The early Native Americans named it Spanish moss; the French called it “mousse.”
It’s not really moss at all, but an epiphyte, Capt. Billy says, an air plant nourished by moisture and nutrition from the air.
“When I was a little bitty baby, I slept on my grandmother’s mattress stuffed with Spanish moss. In the hot Louisiana weather, it was cooler than other stuffing.”
“The upholstery of every Model T Ford, chairs and couches were stuffed with it. It’s as strong as horsehair.” He takes out one strand from a clump of moss and we tug at it. Strong indeed. “During the Civil War, they used it to stitch soldiers’ wounds around here.” The Cajun were poor and found ingenious ways to make do with what nature provided them.

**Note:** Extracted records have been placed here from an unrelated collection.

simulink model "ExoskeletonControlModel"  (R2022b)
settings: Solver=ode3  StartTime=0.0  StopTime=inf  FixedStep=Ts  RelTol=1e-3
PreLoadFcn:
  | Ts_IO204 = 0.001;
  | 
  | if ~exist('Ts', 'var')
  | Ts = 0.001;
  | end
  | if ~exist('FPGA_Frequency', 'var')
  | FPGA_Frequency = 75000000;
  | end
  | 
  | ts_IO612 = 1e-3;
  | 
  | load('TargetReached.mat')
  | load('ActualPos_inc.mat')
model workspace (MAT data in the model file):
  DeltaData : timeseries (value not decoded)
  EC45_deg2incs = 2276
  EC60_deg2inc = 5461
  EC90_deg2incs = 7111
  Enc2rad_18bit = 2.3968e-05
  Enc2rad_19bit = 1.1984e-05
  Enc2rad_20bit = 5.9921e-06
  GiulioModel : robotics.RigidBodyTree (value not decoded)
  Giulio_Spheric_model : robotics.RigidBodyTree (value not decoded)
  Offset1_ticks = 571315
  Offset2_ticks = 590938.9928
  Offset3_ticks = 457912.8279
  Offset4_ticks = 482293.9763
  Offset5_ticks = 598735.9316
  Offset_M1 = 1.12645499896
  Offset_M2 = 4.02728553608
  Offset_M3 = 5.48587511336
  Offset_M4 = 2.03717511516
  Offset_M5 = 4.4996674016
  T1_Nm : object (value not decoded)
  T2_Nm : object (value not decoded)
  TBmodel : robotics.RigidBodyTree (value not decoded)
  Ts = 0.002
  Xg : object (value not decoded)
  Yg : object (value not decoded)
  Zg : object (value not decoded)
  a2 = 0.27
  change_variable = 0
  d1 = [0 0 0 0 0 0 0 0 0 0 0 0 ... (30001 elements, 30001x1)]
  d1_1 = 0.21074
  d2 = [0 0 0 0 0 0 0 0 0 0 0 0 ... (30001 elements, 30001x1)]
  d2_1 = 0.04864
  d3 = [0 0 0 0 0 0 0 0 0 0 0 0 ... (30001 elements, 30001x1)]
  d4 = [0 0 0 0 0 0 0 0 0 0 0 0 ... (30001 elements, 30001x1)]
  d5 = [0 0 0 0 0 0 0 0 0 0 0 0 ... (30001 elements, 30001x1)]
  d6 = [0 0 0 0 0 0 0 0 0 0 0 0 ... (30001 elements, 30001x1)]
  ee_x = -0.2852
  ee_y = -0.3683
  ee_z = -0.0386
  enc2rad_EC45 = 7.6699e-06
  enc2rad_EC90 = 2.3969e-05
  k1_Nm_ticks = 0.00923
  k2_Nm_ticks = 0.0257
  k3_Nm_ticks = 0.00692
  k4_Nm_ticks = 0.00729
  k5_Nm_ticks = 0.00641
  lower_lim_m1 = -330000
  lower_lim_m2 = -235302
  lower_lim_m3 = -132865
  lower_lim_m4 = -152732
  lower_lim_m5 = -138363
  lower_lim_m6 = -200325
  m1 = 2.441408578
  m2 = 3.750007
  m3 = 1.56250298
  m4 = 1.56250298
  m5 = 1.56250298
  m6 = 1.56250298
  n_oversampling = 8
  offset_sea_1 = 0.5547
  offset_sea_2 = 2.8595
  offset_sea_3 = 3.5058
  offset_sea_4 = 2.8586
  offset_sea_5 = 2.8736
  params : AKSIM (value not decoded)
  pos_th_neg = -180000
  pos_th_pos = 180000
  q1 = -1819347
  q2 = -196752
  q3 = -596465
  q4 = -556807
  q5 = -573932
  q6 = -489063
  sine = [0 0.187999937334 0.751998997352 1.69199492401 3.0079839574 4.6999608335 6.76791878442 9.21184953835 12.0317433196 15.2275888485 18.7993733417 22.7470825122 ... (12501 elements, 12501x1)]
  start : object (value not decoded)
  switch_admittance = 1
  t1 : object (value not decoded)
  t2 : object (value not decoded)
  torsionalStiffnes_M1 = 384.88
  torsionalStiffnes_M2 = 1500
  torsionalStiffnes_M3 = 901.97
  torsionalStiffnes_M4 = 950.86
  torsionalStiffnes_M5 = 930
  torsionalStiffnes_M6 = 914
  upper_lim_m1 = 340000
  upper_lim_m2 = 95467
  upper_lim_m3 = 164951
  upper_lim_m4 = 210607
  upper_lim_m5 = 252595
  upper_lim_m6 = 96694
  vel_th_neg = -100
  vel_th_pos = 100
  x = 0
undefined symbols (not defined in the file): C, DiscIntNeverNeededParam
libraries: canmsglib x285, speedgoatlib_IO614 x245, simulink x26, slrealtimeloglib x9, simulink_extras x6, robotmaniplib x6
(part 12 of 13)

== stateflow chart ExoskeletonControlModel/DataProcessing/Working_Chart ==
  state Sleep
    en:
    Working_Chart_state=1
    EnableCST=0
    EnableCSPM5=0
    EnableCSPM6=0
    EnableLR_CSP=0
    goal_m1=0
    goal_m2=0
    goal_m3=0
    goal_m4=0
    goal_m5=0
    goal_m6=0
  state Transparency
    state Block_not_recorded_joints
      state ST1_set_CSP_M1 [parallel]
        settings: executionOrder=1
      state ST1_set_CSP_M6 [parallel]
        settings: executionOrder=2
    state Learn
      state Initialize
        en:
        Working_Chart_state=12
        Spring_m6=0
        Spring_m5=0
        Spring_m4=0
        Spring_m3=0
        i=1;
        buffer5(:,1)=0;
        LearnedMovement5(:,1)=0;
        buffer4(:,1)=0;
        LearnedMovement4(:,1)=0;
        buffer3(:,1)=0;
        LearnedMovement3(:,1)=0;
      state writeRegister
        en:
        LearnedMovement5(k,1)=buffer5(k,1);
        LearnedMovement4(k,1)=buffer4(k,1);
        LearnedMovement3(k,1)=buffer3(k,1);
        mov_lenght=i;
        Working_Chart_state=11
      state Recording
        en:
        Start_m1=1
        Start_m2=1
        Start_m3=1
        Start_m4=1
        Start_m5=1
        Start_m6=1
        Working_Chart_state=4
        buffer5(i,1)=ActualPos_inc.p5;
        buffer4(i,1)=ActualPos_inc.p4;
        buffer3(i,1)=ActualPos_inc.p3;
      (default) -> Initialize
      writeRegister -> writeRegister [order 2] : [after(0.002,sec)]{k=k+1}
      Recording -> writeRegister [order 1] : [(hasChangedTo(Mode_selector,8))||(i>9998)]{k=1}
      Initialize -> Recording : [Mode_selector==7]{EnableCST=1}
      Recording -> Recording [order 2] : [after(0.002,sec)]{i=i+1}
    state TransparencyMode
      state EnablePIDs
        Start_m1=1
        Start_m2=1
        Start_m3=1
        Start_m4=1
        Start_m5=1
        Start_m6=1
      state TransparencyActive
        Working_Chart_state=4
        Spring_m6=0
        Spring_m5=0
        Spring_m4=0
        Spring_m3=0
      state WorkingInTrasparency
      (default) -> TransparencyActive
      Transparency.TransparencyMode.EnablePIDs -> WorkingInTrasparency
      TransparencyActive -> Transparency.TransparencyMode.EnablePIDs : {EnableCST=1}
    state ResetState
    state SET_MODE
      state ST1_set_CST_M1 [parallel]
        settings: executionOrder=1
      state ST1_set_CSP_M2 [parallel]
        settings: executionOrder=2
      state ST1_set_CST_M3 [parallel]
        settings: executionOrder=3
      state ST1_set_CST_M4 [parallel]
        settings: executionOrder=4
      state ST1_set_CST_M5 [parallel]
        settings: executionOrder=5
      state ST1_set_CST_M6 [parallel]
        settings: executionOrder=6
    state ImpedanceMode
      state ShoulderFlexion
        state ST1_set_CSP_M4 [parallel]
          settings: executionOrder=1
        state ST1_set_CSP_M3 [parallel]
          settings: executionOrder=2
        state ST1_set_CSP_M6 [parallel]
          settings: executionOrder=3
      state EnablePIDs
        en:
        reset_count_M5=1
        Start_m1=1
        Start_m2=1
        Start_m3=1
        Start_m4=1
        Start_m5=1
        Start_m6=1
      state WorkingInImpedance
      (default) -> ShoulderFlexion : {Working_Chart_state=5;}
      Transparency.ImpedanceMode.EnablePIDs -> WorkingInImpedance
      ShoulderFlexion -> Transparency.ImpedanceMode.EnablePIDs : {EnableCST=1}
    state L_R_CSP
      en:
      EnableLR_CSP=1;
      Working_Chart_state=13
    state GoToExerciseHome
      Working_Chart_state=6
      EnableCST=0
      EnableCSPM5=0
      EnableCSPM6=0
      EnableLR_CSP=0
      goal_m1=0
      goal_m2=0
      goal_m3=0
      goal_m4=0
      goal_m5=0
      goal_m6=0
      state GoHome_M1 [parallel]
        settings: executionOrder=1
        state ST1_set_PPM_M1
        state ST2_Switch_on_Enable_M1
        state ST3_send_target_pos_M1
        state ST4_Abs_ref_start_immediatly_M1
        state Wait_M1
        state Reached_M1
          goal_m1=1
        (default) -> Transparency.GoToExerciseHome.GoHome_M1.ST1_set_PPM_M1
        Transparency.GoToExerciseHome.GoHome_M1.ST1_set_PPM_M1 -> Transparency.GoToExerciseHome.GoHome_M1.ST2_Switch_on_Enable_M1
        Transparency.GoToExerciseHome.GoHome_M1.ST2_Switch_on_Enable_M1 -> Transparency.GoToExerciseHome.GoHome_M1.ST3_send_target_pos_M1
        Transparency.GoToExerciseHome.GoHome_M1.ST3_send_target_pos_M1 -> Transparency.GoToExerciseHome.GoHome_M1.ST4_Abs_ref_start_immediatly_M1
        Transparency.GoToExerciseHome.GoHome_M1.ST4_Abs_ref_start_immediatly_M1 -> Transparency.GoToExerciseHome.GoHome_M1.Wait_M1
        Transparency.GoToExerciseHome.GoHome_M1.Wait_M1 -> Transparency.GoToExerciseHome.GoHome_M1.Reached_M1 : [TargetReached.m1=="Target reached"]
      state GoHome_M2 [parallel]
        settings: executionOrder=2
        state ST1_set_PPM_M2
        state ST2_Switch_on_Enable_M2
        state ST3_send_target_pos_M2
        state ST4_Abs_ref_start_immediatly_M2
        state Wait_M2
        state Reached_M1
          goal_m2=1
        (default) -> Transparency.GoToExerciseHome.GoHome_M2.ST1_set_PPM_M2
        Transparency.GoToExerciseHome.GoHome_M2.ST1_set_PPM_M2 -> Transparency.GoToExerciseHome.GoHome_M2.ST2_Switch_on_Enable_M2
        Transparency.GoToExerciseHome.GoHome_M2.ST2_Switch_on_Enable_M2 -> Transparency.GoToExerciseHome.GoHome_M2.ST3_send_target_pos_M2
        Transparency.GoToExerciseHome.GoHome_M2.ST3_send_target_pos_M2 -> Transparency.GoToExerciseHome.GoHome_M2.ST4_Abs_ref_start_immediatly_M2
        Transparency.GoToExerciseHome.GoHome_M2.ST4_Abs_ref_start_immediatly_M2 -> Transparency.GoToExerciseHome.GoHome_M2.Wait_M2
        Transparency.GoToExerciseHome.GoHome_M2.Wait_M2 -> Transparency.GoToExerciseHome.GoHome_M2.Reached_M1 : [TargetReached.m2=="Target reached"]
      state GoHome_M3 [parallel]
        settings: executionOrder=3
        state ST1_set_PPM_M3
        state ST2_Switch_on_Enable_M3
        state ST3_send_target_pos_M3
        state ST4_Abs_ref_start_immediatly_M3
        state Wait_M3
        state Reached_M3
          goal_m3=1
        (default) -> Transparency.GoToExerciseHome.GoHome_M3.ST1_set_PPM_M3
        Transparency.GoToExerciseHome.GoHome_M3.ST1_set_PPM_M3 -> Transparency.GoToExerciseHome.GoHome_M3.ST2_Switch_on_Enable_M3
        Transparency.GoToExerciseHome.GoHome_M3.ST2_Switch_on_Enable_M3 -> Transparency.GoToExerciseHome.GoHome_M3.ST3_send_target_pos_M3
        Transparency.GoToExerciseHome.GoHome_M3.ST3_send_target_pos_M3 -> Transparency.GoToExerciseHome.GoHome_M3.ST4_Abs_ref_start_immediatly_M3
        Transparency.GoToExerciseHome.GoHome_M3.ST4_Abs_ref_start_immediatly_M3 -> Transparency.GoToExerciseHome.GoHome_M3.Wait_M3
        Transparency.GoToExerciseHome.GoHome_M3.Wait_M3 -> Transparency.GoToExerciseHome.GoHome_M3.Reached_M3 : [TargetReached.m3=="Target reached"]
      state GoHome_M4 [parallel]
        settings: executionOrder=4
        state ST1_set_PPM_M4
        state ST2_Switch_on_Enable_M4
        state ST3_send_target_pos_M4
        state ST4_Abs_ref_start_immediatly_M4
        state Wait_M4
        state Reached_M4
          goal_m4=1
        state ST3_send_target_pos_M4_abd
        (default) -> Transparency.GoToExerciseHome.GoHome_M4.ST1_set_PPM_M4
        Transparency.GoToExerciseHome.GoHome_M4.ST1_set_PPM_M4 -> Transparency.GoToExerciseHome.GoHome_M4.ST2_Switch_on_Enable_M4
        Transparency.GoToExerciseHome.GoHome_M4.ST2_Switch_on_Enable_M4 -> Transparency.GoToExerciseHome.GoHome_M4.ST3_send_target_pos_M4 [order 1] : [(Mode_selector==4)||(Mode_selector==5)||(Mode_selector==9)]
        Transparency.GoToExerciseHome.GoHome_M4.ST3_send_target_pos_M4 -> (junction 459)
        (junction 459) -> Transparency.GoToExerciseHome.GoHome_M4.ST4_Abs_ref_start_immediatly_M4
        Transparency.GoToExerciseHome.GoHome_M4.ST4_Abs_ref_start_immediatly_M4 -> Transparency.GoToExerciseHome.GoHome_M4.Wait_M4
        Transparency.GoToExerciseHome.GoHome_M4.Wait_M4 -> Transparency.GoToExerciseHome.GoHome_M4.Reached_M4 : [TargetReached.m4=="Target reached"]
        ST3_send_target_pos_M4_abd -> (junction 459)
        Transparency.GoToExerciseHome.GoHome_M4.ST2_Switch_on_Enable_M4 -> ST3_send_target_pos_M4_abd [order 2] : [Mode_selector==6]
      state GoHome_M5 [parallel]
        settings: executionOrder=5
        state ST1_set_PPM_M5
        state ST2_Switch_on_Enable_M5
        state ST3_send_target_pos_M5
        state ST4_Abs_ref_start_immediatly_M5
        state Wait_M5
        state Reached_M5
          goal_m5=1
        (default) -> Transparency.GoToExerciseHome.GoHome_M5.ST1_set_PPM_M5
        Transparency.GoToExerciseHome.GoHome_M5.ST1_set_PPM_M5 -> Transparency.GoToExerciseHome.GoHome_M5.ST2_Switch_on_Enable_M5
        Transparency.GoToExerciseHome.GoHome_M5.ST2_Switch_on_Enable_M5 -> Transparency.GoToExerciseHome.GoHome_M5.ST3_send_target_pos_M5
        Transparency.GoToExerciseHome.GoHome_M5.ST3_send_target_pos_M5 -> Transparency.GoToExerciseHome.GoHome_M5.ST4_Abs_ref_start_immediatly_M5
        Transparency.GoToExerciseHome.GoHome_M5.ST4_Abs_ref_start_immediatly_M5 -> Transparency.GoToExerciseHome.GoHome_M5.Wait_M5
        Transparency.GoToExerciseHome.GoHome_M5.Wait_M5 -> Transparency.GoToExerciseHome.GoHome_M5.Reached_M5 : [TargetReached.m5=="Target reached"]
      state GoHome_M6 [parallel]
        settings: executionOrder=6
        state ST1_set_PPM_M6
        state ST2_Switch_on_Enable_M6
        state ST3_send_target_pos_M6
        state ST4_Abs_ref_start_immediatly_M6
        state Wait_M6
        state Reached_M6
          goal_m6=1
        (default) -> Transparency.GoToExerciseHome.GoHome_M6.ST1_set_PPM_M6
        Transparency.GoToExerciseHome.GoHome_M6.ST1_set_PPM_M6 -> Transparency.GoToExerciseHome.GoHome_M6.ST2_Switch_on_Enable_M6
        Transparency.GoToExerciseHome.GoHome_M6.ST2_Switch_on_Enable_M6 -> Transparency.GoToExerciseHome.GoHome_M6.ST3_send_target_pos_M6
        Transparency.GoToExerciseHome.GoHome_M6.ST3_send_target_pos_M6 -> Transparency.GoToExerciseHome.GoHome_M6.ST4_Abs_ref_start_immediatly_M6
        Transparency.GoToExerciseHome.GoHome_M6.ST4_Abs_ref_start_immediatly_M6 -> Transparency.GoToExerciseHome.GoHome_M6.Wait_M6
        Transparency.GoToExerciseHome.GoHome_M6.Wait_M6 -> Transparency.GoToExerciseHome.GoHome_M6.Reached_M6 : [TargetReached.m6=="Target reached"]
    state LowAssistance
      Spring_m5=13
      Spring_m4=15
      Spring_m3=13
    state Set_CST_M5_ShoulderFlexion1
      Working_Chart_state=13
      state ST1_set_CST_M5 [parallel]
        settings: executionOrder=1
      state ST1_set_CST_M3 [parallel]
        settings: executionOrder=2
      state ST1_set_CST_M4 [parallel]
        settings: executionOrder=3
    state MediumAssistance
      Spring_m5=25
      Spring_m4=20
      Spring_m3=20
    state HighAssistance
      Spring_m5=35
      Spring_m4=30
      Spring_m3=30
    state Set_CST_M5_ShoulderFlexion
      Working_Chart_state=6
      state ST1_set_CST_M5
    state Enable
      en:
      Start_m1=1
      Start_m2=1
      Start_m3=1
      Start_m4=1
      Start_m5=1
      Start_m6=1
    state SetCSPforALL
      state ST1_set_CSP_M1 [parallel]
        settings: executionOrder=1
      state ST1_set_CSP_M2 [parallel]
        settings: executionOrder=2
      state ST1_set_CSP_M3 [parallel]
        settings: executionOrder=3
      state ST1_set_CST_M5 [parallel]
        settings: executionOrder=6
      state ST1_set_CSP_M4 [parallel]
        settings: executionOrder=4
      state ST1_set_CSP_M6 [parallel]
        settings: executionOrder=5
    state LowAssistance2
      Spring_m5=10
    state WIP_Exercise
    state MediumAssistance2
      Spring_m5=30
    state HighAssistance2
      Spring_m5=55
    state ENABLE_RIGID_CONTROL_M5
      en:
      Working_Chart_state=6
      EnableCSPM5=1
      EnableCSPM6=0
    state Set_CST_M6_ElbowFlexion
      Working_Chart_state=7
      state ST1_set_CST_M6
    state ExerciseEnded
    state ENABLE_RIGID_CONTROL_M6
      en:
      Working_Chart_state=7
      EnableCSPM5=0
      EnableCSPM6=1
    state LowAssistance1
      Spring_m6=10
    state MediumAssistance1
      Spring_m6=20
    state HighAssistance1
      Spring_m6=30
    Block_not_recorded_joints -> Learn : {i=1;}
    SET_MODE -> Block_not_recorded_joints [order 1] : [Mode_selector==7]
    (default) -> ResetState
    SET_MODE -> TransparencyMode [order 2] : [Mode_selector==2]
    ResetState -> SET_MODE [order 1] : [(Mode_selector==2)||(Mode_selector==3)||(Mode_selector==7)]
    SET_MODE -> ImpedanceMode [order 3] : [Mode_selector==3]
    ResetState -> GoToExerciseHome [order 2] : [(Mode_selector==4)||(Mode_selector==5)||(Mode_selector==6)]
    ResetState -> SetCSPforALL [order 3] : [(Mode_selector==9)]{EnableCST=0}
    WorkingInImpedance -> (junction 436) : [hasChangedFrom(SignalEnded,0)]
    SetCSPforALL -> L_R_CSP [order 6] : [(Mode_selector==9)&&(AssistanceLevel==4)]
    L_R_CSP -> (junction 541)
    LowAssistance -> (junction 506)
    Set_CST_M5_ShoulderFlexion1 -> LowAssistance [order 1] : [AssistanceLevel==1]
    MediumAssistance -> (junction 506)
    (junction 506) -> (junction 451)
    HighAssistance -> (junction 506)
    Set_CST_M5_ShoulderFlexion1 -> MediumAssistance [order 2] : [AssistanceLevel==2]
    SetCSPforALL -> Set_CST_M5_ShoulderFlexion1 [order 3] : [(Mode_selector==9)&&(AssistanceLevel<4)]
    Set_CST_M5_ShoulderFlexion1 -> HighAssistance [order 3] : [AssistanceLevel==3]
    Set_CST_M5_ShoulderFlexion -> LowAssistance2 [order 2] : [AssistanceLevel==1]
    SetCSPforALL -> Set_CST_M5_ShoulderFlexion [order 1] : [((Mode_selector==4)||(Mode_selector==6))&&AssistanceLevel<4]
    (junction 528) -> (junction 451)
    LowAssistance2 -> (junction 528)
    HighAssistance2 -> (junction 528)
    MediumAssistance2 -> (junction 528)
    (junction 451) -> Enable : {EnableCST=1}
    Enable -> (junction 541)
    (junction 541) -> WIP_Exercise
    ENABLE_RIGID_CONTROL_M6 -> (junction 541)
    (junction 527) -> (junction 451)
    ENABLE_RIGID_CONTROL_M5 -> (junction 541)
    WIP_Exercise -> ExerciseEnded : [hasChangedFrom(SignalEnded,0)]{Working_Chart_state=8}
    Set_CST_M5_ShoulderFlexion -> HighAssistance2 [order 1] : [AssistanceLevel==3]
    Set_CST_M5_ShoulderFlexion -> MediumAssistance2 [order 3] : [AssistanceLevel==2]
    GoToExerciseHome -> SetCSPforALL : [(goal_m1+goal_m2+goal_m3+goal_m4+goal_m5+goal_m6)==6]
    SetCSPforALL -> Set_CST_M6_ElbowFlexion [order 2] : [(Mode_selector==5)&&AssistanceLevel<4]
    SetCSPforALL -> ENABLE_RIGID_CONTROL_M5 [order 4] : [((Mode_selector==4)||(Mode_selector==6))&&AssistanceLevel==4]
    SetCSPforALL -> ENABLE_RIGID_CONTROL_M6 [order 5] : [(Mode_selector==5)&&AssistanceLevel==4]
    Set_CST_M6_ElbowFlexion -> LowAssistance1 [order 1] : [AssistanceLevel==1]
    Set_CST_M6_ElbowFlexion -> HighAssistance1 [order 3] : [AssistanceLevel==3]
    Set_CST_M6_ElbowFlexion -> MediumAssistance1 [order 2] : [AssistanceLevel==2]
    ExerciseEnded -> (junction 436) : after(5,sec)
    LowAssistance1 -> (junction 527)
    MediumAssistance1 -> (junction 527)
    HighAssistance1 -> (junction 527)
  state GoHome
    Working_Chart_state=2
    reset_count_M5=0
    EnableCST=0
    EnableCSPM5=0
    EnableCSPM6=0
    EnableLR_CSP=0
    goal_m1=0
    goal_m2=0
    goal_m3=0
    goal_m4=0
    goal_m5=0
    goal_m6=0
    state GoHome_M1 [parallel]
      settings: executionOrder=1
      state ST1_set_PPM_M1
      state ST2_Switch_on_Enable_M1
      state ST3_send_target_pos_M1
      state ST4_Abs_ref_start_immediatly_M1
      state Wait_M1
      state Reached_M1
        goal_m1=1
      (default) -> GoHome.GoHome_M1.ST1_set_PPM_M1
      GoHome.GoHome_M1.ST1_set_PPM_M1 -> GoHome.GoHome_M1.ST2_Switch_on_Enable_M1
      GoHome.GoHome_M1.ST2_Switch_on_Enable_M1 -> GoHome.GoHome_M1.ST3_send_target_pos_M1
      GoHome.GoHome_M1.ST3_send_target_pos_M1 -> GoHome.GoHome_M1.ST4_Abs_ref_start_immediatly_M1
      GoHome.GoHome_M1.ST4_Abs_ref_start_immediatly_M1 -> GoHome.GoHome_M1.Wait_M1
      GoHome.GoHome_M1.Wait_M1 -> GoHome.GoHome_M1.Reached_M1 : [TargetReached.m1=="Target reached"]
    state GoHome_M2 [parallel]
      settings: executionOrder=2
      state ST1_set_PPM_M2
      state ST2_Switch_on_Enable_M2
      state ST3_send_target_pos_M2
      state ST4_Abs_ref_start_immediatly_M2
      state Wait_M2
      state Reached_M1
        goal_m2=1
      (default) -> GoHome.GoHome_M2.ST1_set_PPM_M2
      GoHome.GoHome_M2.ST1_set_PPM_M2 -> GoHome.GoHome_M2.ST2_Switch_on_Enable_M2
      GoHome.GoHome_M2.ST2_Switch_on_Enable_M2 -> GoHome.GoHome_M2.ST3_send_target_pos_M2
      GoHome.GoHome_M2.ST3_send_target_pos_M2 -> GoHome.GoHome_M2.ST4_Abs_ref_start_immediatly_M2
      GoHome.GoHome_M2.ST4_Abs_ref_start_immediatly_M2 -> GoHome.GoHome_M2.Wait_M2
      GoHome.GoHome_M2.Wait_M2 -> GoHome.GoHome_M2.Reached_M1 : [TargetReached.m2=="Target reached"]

“Keep your hands inside,” Capt. Billy warns as we cruise past alligators sleeping on the sun-warmed roots of waterlogged cypress trees.

The ‘Gator Whisperer’
“Jolie,” Capt. Billy calls out gently. “Come on, baby.” A large six-foot alligator slides off a bank and, with a sleek muscular swish of its tail, ripples through the water toward us. Who knew there were “gator whisperers” in the world?
“When you come down the bayou at night, all you see is their red eyes shining in the dark. For every gator you see by day, there’s another 25 watching you out there.”
His alligators — those who respond when he calls them because he feeds them chicken pieces — remain hidden from sight. Capt. Billy explains that they are still hunted and killed, and it took him years to train a few to respond to his own unique call.

The Bayou’s Worst Enemy
“In 40 years, I’ve only had to wrestle a gator a few times,” Capt. Billy tells us while pointing out snapping turtles sunning on a log and a bald eagle’s nest high up in a tree. “You got to have eyes in the back of your head when you wade out in the water to check your crawfish traps. The worst is the water moccasin — now that’s one deadly snake!” We all recoil at the thought of them out there.
These inter-coastal byways begin in Texas and go all the way to Florida along the Gulf of Mexico, and Capt. Billy stresses the need to protect the coastline. “Due to hurricanes and storms, the salt water levels are rising which is killing the wetlands. And due to oil companies developing down here, and the nutria (a large rodent the size of a beaver that is destroying coastal Louisiana by chomping its way through the state’s wetlands) and the wild hog population, plus other reasons, we lose a football field of land here every 30 minutes.”
Capt. Billy teaches us a lot during our two-hour tour with him out in the Cajun swamps. The fragile ecology of these wetlands is threatened by global warming, warmer waters (which change the sex ratio of alligators and turtles), oil spills, chemical pollution and rising sea waters.
When you live in a landscape where the land meets the water, where the coastline changes constantly, it is clear that you live at the mercy of a delicate balance of the forces of man and nature. Capt. Billy worries about the barrier islands off the coast of Terrebonne Parish — where he lives. “They’re our first line of defense from hurricanes and storms. Without them, half of Terrebonne Parish would vanish during a flood.”
As he returns the swamp boat to the pier, Captain Billy makes a passionate plea for the conservation of this habitat: “These wetlands are not only important to us, they’re important to the state of Louisiana and the whole nation. These wetlands are a paradise. We have hundreds of different migratory birds that nest here on land built by the sediment of the Mississippi River over thousands of years. That’s why it’s so rich and why everything is so beautiful and green and the wildlife is so abundant.
“Weather changes, coastal damage, and salt-water intrusion are killing the marsh and all the cypress trees. It brings tears to my eyes,” Captain Billy adds. “Come and see it while it’s still here.”